Your objective
Please retype every entry below, keeping it exactly the same.

(Collection entries)
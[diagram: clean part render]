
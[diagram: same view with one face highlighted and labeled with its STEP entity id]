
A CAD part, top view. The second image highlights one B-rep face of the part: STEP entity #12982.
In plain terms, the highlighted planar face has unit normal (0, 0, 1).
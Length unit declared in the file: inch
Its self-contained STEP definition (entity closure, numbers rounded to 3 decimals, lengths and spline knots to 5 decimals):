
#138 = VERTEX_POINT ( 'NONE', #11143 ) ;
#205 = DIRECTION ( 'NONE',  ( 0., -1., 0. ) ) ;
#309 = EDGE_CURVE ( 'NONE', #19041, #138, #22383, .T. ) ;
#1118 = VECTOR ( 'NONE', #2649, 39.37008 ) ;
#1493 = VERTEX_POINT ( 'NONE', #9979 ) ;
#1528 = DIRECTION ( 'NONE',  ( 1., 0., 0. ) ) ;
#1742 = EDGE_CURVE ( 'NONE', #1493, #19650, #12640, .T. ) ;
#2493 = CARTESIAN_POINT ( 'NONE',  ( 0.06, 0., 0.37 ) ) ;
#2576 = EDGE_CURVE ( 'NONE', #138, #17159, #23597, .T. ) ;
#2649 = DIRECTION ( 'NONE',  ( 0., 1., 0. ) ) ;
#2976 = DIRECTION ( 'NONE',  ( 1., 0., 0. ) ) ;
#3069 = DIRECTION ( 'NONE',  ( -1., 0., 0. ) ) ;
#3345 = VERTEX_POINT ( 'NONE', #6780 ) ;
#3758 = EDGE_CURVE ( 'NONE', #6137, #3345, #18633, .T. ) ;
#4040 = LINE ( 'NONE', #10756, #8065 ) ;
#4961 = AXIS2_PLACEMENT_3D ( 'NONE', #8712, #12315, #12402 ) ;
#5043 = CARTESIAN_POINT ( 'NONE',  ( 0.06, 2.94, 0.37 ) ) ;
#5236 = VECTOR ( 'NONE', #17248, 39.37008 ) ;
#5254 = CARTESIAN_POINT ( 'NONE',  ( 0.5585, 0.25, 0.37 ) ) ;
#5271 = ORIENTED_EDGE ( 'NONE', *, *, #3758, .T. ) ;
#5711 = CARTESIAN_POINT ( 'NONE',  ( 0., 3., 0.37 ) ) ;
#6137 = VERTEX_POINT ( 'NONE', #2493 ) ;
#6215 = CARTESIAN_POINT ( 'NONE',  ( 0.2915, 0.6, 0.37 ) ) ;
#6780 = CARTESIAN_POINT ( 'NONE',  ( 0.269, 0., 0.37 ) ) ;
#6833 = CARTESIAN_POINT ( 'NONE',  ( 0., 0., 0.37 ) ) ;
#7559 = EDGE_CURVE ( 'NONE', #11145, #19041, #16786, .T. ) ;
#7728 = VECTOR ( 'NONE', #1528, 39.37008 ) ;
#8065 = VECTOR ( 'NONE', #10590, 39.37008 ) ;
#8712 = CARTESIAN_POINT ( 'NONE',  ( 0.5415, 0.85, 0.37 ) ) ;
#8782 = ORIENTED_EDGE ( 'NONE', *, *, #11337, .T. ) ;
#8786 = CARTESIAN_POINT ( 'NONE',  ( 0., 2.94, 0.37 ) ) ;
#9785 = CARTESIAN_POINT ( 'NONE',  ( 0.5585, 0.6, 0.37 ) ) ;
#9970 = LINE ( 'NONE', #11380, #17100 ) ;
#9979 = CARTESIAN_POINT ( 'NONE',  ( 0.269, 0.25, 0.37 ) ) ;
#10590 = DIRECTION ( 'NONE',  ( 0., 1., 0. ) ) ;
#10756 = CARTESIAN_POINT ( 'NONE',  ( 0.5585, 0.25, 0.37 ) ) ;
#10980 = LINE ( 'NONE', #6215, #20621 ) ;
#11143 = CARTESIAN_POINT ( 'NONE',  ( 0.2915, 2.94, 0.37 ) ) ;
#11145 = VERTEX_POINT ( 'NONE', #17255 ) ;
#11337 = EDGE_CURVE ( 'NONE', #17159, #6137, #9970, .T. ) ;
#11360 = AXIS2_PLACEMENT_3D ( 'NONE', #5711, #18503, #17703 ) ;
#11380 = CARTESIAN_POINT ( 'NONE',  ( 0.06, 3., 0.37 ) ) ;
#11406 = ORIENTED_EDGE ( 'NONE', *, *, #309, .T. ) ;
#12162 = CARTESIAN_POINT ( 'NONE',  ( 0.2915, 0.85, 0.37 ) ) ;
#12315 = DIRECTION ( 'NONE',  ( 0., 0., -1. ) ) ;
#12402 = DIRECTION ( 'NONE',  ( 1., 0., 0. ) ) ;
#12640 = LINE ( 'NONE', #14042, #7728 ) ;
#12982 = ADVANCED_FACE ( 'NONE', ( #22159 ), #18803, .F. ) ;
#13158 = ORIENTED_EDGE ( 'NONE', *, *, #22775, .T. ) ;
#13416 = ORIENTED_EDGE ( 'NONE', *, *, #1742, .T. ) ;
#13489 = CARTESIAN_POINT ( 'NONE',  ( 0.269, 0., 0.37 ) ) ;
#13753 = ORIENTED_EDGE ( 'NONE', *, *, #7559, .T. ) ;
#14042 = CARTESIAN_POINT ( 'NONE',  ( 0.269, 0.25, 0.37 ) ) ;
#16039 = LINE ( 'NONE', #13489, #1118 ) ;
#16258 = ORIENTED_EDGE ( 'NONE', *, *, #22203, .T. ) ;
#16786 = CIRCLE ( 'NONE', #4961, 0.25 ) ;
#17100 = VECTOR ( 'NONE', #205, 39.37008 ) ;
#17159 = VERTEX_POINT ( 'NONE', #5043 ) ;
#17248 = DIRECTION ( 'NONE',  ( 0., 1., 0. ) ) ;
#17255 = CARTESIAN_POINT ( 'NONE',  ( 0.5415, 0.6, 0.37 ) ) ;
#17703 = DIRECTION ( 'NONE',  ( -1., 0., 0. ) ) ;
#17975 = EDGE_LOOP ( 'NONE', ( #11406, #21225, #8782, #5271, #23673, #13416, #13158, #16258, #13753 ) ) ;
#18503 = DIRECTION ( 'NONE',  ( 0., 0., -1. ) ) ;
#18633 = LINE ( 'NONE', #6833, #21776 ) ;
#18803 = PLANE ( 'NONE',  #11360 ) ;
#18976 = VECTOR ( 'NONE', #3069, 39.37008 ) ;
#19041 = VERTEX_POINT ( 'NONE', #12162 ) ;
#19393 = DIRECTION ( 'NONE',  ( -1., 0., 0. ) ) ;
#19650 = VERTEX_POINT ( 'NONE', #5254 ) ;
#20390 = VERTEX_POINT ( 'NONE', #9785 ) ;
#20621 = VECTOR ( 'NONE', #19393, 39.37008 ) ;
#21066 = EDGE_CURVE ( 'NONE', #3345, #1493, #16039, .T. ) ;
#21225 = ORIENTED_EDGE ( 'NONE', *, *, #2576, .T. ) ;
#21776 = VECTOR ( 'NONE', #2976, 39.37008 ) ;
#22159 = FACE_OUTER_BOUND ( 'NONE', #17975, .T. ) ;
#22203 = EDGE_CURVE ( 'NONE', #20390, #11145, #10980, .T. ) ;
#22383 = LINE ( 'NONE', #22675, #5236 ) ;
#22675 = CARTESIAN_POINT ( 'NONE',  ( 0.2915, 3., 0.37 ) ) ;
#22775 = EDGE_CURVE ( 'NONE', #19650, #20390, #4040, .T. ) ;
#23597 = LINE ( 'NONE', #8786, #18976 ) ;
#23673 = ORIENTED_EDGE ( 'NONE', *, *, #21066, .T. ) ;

Task result
[diagram: clean part render]
[diagram: same view with one face highlighted and labeled with its STEP entity id]
A CAD part, top view. The second image highlights one B-rep face of the part: STEP entity #12982.
In plain terms, the highlighted planar face has unit normal (0, 0, 1).
Length unit declared in the file: inch
Its self-contained STEP definition (entity closure, numbers rounded to 3 decimals, lengths and spline knots to 5 decimals):
#138 = VERTEX_POINT ( 'NONE', #11143 ) ;
#205 = DIRECTION ( 'NONE',  ( 0., -1., 0. ) ) ;
#309 = EDGE_CURVE ( 'NONE', #19041, #138, #22383, .T. ) ;
#1118 = VECTOR ( 'NONE', #2649, 39.37008 ) ;
#1493 = VERTEX_POINT ( 'NONE', #9979 ) ;
#1528 = DIRECTION ( 'NONE',  ( 1., 0., 0. ) ) ;
#1742 = EDGE_CURVE ( 'NONE', #1493, #19650, #12640, .T. ) ;
#2493 = CARTESIAN_POINT ( 'NONE',  ( 0.06, 0., 0.37 ) ) ;
#2576 = EDGE_CURVE ( 'NONE', #138, #17159, #23597, .T. ) ;
#2649 = DIRECTION ( 'NONE',  ( 0., 1., 0. ) ) ;
#2976 = DIRECTION ( 'NONE',  ( 1., 0., 0. ) ) ;
#3069 = DIRECTION ( 'NONE',  ( -1., 0., 0. ) ) ;
#3345 = VERTEX_POINT ( 'NONE', #6780 ) ;
#3758 = EDGE_CURVE ( 'NONE', #6137, #3345, #18633, .T. ) ;
#4040 = LINE ( 'NONE', #10756, #8065 ) ;
#4961 = AXIS2_PLACEMENT_3D ( 'NONE', #8712, #12315, #12402 ) ;
#5043 = CARTESIAN_POINT ( 'NONE',  ( 0.06, 2.94, 0.37 ) ) ;
#5236 = VECTOR ( 'NONE', #17248, 39.37008 ) ;
#5254 = CARTESIAN_POINT ( 'NONE',  ( 0.5585, 0.25, 0.37 ) ) ;
#5271 = ORIENTED_EDGE ( 'NONE', *, *, #3758, .T. ) ;
#5711 = CARTESIAN_POINT ( 'NONE',  ( 0., 3., 0.37 ) ) ;
#6137 = VERTEX_POINT ( 'NONE', #2493 ) ;
#6215 = CARTESIAN_POINT ( 'NONE',  ( 0.2915, 0.6, 0.37 ) ) ;
#6780 = CARTESIAN_POINT ( 'NONE',  ( 0.269, 0., 0.37 ) ) ;
#6833 = CARTESIAN_POINT ( 'NONE',  ( 0., 0., 0.37 ) ) ;
#7559 = EDGE_CURVE ( 'NONE', #11145, #19041, #16786, .T. ) ;
#7728 = VECTOR ( 'NONE', #1528, 39.37008 ) ;
#8065 = VECTOR ( 'NONE', #10590, 39.37008 ) ;
#8712 = CARTESIAN_POINT ( 'NONE',  ( 0.5415, 0.85, 0.37 ) ) ;
#8782 = ORIENTED_EDGE ( 'NONE', *, *, #11337, .T. ) ;
#8786 = CARTESIAN_POINT ( 'NONE',  ( 0., 2.94, 0.37 ) ) ;
#9785 = CARTESIAN_POINT ( 'NONE',  ( 0.5585, 0.6, 0.37 ) ) ;
#9970 = LINE ( 'NONE', #11380, #17100 ) ;
#9979 = CARTESIAN_POINT ( 'NONE',  ( 0.269, 0.25, 0.37 ) ) ;
#10590 = DIRECTION ( 'NONE',  ( 0., 1., 0. ) ) ;
#10756 = CARTESIAN_POINT ( 'NONE',  ( 0.5585, 0.25, 0.37 ) ) ;
#10980 = LINE ( 'NONE', #6215, #20621 ) ;
#11143 = CARTESIAN_POINT ( 'NONE',  ( 0.2915, 2.94, 0.37 ) ) ;
#11145 = VERTEX_POINT ( 'NONE', #17255 ) ;
#11337 = EDGE_CURVE ( 'NONE', #17159, #6137, #9970, .T. ) ;
#11360 = AXIS2_PLACEMENT_3D ( 'NONE', #5711, #18503, #17703 ) ;
#11380 = CARTESIAN_POINT ( 'NONE',  ( 0.06, 3., 0.37 ) ) ;
#11406 = ORIENTED_EDGE ( 'NONE', *, *, #309, .T. ) ;
#12162 = CARTESIAN_POINT ( 'NONE',  ( 0.2915, 0.85, 0.37 ) ) ;
#12315 = DIRECTION ( 'NONE',  ( 0., 0., -1. ) ) ;
#12402 = DIRECTION ( 'NONE',  ( 1., 0., 0. ) ) ;
#12640 = LINE ( 'NONE', #14042, #7728 ) ;
#12982 = ADVANCED_FACE ( 'NONE', ( #22159 ), #18803, .F. ) ;
#13158 = ORIENTED_EDGE ( 'NONE', *, *, #22775, .T. ) ;
#13416 = ORIENTED_EDGE ( 'NONE', *, *, #1742, .T. ) ;
#13489 = CARTESIAN_POINT ( 'NONE',  ( 0.269, 0., 0.37 ) ) ;
#13753 = ORIENTED_EDGE ( 'NONE', *, *, #7559, .T. ) ;
#14042 = CARTESIAN_POINT ( 'NONE',  ( 0.269, 0.25, 0.37 ) ) ;
#16039 = LINE ( 'NONE', #13489, #1118 ) ;
#16258 = ORIENTED_EDGE ( 'NONE', *, *, #22203, .T. ) ;
#16786 = CIRCLE ( 'NONE', #4961, 0.25 ) ;
#17100 = VECTOR ( 'NONE', #205, 39.37008 ) ;
#17159 = VERTEX_POINT ( 'NONE', #5043 ) ;
#17248 = DIRECTION ( 'NONE',  ( 0., 1., 0. ) ) ;
#17255 = CARTESIAN_POINT ( 'NONE',  ( 0.5415, 0.6, 0.37 ) ) ;
#17703 = DIRECTION ( 'NONE',  ( -1., 0., 0. ) ) ;
#17975 = EDGE_LOOP ( 'NONE', ( #11406, #21225, #8782, #5271, #23673, #13416, #13158, #16258, #13753 ) ) ;
#18503 = DIRECTION ( 'NONE',  ( 0., 0., -1. ) ) ;
#18633 = LINE ( 'NONE', #6833, #21776 ) ;
#18803 = PLANE ( 'NONE',  #11360 ) ;
#18976 = VECTOR ( 'NONE', #3069, 39.37008 ) ;
#19041 = VERTEX_POINT ( 'NONE', #12162 ) ;
#19393 = DIRECTION ( 'NONE',  ( -1., 0., 0. ) ) ;
#19650 = VERTEX_POINT ( 'NONE', #5254 ) ;
#20390 = VERTEX_POINT ( 'NONE', #9785 ) ;
#20621 = VECTOR ( 'NONE', #19393, 39.37008 ) ;
#21066 = EDGE_CURVE ( 'NONE', #3345, #1493, #16039, .T. ) ;
#21225 = ORIENTED_EDGE ( 'NONE', *, *, #2576, .T. ) ;
#21776 = VECTOR ( 'NONE', #2976, 39.37008 ) ;
#22159 = FACE_OUTER_BOUND ( 'NONE', #17975, .T. ) ;
#22203 = EDGE_CURVE ( 'NONE', #20390, #11145, #10980, .T. ) ;
#22383 = LINE ( 'NONE', #22675, #5236 ) ;
#22675 = CARTESIAN_POINT ( 'NONE',  ( 0.2915, 3., 0.37 ) ) ;
#22775 = EDGE_CURVE ( 'NONE', #19650, #20390, #4040, .T. ) ;
#23597 = LINE ( 'NONE', #8786, #18976 ) ;
#23673 = ORIENTED_EDGE ( 'NONE', *, *, #21066, .T. ) ;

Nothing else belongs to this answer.